- **EXERCISE DETAILS**: The word to find is "normal". Copy each line of the material that contains it.

- **GIVEN DATA**:
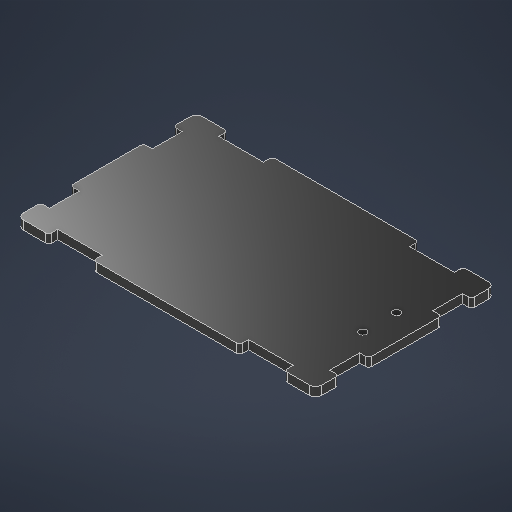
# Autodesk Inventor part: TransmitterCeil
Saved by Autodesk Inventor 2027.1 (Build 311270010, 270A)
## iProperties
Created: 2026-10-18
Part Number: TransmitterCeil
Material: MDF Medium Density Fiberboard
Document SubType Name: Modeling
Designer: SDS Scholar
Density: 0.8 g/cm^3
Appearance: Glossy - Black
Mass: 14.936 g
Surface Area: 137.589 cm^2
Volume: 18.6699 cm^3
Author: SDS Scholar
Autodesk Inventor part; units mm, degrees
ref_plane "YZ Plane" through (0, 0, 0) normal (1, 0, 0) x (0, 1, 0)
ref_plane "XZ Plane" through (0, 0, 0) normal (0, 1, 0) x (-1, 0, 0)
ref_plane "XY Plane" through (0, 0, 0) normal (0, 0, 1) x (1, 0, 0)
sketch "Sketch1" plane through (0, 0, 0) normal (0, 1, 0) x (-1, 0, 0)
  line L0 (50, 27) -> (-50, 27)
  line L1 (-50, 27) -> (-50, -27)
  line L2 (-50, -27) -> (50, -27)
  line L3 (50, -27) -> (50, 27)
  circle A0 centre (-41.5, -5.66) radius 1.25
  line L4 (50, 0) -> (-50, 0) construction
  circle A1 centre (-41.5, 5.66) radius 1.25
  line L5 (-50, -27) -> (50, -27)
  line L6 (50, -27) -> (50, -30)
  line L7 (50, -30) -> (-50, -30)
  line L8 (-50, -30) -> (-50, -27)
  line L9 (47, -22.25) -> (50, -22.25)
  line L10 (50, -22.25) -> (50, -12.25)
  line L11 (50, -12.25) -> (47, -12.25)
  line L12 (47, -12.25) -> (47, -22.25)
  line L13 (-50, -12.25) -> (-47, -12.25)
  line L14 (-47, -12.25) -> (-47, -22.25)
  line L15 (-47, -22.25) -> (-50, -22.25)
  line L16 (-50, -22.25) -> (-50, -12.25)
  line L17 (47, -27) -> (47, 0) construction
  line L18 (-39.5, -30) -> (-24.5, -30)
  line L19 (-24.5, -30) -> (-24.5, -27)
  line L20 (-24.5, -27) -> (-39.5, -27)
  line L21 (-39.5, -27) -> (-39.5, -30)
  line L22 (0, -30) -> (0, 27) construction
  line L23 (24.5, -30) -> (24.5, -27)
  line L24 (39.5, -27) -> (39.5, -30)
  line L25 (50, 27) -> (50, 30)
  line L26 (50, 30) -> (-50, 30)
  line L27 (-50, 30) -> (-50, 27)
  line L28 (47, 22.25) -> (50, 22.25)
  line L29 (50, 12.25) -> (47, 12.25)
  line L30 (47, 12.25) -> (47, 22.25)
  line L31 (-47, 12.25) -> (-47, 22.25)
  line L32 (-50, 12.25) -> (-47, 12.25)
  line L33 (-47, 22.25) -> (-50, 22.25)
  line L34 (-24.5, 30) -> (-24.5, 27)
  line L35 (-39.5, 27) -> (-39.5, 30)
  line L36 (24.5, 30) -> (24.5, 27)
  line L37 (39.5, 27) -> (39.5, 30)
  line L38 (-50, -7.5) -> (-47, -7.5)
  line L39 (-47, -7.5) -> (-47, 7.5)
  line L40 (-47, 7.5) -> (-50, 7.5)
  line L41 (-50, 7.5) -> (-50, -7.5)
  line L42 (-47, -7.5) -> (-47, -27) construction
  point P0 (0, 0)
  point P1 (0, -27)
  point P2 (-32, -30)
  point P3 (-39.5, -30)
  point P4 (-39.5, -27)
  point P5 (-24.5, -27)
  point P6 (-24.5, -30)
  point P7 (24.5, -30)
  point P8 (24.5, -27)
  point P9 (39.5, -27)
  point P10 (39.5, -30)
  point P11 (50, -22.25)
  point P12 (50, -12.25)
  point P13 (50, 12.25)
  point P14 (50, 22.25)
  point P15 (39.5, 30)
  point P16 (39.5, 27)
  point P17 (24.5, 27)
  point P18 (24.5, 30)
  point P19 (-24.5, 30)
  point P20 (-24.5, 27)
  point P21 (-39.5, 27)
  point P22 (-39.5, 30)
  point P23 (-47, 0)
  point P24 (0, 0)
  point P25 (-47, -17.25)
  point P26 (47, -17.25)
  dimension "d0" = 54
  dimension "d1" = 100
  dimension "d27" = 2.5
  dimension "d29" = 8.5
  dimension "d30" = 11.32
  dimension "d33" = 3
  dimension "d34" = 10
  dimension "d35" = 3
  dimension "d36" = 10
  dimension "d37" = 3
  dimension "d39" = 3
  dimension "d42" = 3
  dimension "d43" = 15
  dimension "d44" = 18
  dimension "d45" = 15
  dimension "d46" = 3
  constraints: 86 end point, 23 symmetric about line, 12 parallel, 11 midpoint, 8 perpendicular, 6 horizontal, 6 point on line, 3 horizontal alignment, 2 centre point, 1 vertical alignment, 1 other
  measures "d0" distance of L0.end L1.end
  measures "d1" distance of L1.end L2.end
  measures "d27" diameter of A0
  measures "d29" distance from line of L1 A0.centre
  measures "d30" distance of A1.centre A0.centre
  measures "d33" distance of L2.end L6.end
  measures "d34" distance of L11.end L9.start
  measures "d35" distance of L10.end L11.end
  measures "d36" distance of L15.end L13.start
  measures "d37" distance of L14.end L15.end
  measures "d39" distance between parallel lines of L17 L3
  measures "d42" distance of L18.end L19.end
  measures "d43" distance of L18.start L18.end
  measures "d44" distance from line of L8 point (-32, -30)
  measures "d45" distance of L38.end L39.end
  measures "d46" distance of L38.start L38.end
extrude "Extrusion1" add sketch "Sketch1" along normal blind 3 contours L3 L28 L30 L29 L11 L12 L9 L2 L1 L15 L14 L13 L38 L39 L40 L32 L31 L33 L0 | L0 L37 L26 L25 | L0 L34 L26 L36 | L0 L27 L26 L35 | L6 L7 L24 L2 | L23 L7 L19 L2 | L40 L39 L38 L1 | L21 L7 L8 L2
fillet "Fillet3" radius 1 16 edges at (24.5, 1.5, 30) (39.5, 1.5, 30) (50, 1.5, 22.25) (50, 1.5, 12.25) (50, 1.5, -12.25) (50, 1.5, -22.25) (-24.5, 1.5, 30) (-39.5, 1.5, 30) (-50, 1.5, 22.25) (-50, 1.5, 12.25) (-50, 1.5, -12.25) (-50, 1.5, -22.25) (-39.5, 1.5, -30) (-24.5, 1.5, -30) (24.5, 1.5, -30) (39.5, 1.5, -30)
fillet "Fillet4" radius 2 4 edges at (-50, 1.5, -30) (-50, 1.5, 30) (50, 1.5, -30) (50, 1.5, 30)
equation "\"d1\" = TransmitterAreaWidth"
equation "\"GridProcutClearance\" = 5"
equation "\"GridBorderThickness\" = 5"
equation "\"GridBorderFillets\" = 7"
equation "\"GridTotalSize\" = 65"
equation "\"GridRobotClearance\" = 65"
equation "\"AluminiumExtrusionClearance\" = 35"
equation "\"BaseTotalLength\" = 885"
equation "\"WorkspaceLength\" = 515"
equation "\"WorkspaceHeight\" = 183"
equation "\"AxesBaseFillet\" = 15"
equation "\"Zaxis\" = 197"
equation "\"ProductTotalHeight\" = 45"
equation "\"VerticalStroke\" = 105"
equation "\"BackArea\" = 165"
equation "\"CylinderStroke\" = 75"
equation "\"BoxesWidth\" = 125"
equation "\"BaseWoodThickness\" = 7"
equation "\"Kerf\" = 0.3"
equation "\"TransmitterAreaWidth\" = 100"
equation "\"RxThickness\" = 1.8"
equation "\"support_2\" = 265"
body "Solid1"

- **TASK ANSWER**:
ref_plane "YZ Plane" through (0, 0, 0) normal (1, 0, 0) x (0, 1, 0)
ref_plane "XZ Plane" through (0, 0, 0) normal (0, 1, 0) x (-1, 0, 0)
ref_plane "XY Plane" through (0, 0, 0) normal (0, 0, 1) x (1, 0, 0)
sketch "Sketch1" plane through (0, 0, 0) normal (0, 1, 0) x (-1, 0, 0)
extrude "Extrusion1" add sketch "Sketch1" along normal blind 3 contours L3 L28 L30 L29 L11 L12 L9 L2 L1 L15 L14 L13 L38 L39 L40 L32 L31 L33 L0 | L0 L37 L26 L25 | L0 L34 L26 L36 | L0 L27 L26 L35 | L6 L7 L24 L2 | L23 L7 L19 L2 | L40 L39 L38 L1 | L21 L7 L8 L2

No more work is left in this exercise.